Ethnicity and religiousness are increasingly deployed as political identities, insofar as they serve political purposes. This is not meant to diminish the importance and rich complexity of asabyya - the ethnic and clan ties - somehow still present in the Arab world, as well as to minimize any religious solidarity across the national boundaries, such as Shiites predominantly located in Bahrain and Iraq, with a complex plurality in Yemen and Lebanon. What is totally betrayed and undercut in such interpretative perspectives is the concept of identity as voluntary self-production.
In doing so, Middle Eastern individuals, combatants and civilians, revolutionaries and spectators, deprived in the media of any representation of their own agency and denied the chance of producing their own new life chances, end up commodifying the identities they are exposed to within their social pattern, in the attempt to uphold a high social status or achieve a better one, and to finally have access to resources. Human rights activists, NGOs and a great deal of western spectators, mostly moved by generous piety and moral superiority, too often end up legalizing such identity discourses.
By using Comaroffs’ lens, then, the ethno-economy - or in our case I would rather say the faith-economy - is the new emerging phenomenon. People that for historical reasons share the same ideological imaginary and that perceive themselves as affiliated to a certain faith group are given the label of confessional – and therefore belligerent - enterprises turning into ethnicities. Everything nowadays, in order to get legitimized, must be ethnicized and confessionalized. Nor is this by any means a phenomenon limited to the Middle East.

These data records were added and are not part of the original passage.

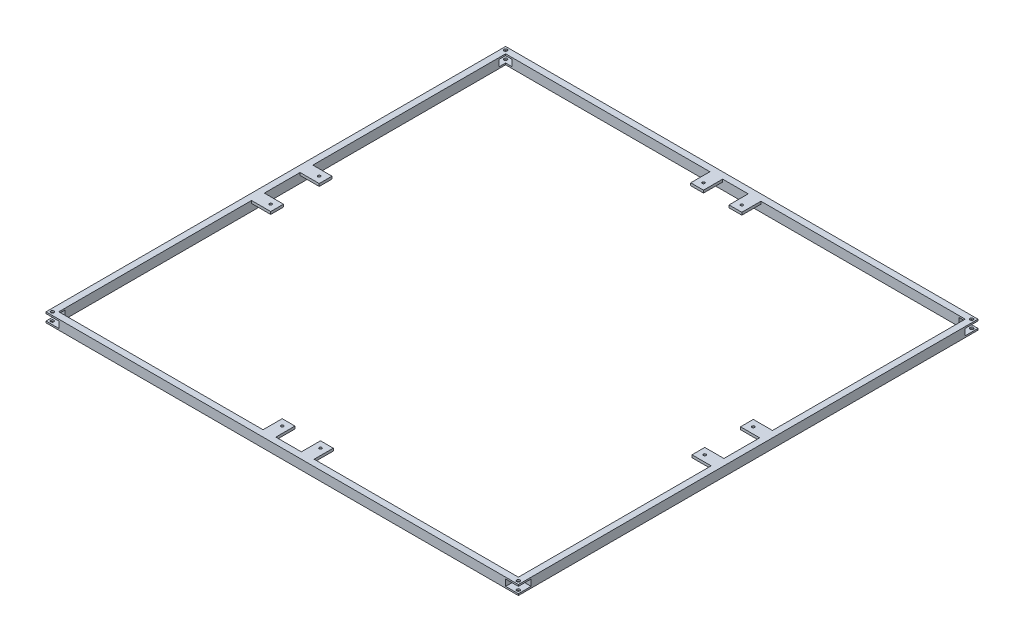
from build123d import *

# Parameters (mm, degrees)
SKETCH1_W           = 740
SKETCH1_H           = 720
SKETCH1_W_2         = 720
SKETCH1_H_2         = 700
BOSS_EXTRUDE1_DEPTH = 15
SKETCH2_R           = 2.5
CUT_EXTRUDE1_DEPTH  = 517.454257413
SKETCH3_W           = 20
SKETCH3_H           = 10
CUT_EXTRUDE2_DEPTH  = 20
SKETCH5_W           = 20
SKETCH5_H           = 10
CUT_EXTRUDE3_DEPTH  = 20
SKETCH6_W           = 20
SKETCH6_H           = 30
SKETCH6_W_2         = 30
SKETCH6_H_2         = 20
BOSS_EXTRUDE2_DEPTH = 4
SKETCH7_R           = 2
CUT_EXTRUDE4_DEPTH  = 4


with BuildPart() as part:
    # Sketch1 → Boss-Extrude1 (new body)
    with BuildSketch(Plane(origin=(0, 0, 0), x_dir=(1, 0, 0), z_dir=(0, 1, 0))):
        Rectangle(SKETCH1_W, SKETCH1_H)
        Rectangle(SKETCH1_W_2, SKETCH1_H_2, mode=Mode.SUBTRACT)
    extrude(amount=BOSS_EXTRUDE1_DEPTH)

    # Sketch2 → Cut-Extrude1 (cut, through all)
    with BuildSketch(Plane(origin=(0, 15, 0), x_dir=(1, 0, 0), z_dir=(0, 1, 0))):
        with Locations(Location((-365, 355, 0), (0, 0, 270))):
            Circle(SKETCH2_R)
        with Locations(Location((365, 355, 0), (0, 0, 270))):
            Circle(SKETCH2_R)
        with Locations(Location((365, -355, 0), (0, 0, 270))):
            Circle(SKETCH2_R)
        with Locations(Location((-365, -355, 0), (0, 0, 270))):
            Circle(SKETCH2_R)
    extrude(amount=-CUT_EXTRUDE1_DEPTH, mode=Mode.SUBTRACT)

    # Sketch3 → Cut-Extrude2 (cut)
    with BuildSketch(Plane.XY.offset(360)):
        with Locations((-360, 7.5)):
            Rectangle(SKETCH3_W, SKETCH3_H)
        with Locations((360, 7.5)):
            Rectangle(SKETCH3_W, SKETCH3_H)
    extrude(amount=-CUT_EXTRUDE2_DEPTH, mode=Mode.SUBTRACT)

    # Sketch5 → Cut-Extrude3 (cut)
    with BuildSketch(Plane(origin=(0, 0, -360), x_dir=(-1, 0, 0), z_dir=(0, 0, -1))):
        with Locations((-360, 7.5)):
            Rectangle(SKETCH5_W, SKETCH5_H)
        with Locations((360, 7.5)):
            Rectangle(SKETCH5_W, SKETCH5_H)
    extrude(amount=-CUT_EXTRUDE3_DEPTH, mode=Mode.SUBTRACT)

    # Sketch6 → Boss-Extrude2 (add)
    with BuildSketch(Plane(origin=(0, 15, 0), x_dir=(1, 0, 0), z_dir=(0, 1, 0))):
        with Locations((-30, 335)):
            Rectangle(SKETCH6_W, SKETCH6_H)
        with Locations((30, 335)):
            Rectangle(SKETCH6_W, SKETCH6_H)
        with Locations((30, -335)):
            Rectangle(SKETCH6_W, SKETCH6_H)
        with Locations((-30, -335)):
            Rectangle(SKETCH6_W, SKETCH6_H)
        with Locations((-345, -38)):
            Rectangle(SKETCH6_W_2, SKETCH6_H_2)
        with Locations((-345, 38)):
            Rectangle(SKETCH6_W_2, SKETCH6_H_2)
        with Locations((345, -38)):
            Rectangle(SKETCH6_W_2, SKETCH6_H_2)
        with Locations((345, 38)):
            Rectangle(SKETCH6_W_2, SKETCH6_H_2)
    extrude(amount=-BOSS_EXTRUDE2_DEPTH)

    # Sketch7 → Cut-Extrude4 (cut)
    with BuildSketch(Plane(origin=(0, 15, 0), x_dir=(1, 0, 0), z_dir=(0, 1, 0))):
        with Locations(Location((-30, 330, 0), (0, 0, 270))):
            Circle(SKETCH7_R)
        with Locations(Location((30, 330, 0), (0, 0, 90))):
            Circle(SKETCH7_R)
        with Locations(Location((30, -330, 0), (0, 0, 270))):
            Circle(SKETCH7_R)
        with Locations(Location((-30, -330, 0), (0, 0, 90))):
            Circle(SKETCH7_R)
        with Locations(Location((340, 38, 0), (0, 0, 270))):
            Circle(SKETCH7_R)
        with Locations(Location((340, -38, 0), (0, 0, 90))):
            Circle(SKETCH7_R)
        with Locations(Location((-340, -38, 0), (0, 0, 270))):
            Circle(SKETCH7_R)
        with Locations(Location((-340, 38, 0), (0, 0, 90))):
            Circle(SKETCH7_R)
    extrude(amount=-CUT_EXTRUDE4_DEPTH, mode=Mode.SUBTRACT)


solid = part.part

We have gradually inherited, to our detriment, a tribal interpretation of Middle Eastern realities, even from such great historians as Kamal Salibi, who in some way overstated the parallelism between current Lebanese political parties and ancient tribal groups. In other words, going back to the Comaroffs’ concept, ‘sustainable’ faiths are those that brand best, as they sell their ideological truths more effectively at a particular time. Alawites, in the current Syrian scenario, undoubtedly rock. Sunnis instead are the bugbear.
Pierre Bourdieu used to say that anything that is named, defined and told, although yet not materially existing, ends up existing for real just through this reifying rhetorical process. It is indeed the phenomenon of war, controversially produced by greed and grievances in a domestic/international duality, that has often set up the confessional bedrock on which political opponents fight each other in a bid to identify a truly inherent element to struggle for as well as to find a traditionally hostile ground where they would be able to shed the politically constructed blood of the Other. Religion readily supplies this incentive.
Today’s commodification of confessional identities that peppers the media underpins essentialized visions of social dynamics. This encourages religious community groups to copyright their confessional imprint in order to get their basic rights addressed. A deeper understanding of this need for confessional belonging will allow us to unravel our muddled pluralistic contexts, as well as to liberate ourselves from this form of representational decolonization.
Will we ever be able to recognize rights and realize similarities and differences without resorting to confessional taxonomies? Will we ever be willing to study ‘political Arabs’, rather than ‘sectarian Arabs’? When will we be able to see that religious communities, in the Middle East as anywhere else, are nothing but ideological orientations, not even mono-directional, only reflecting the phenomenologies of power?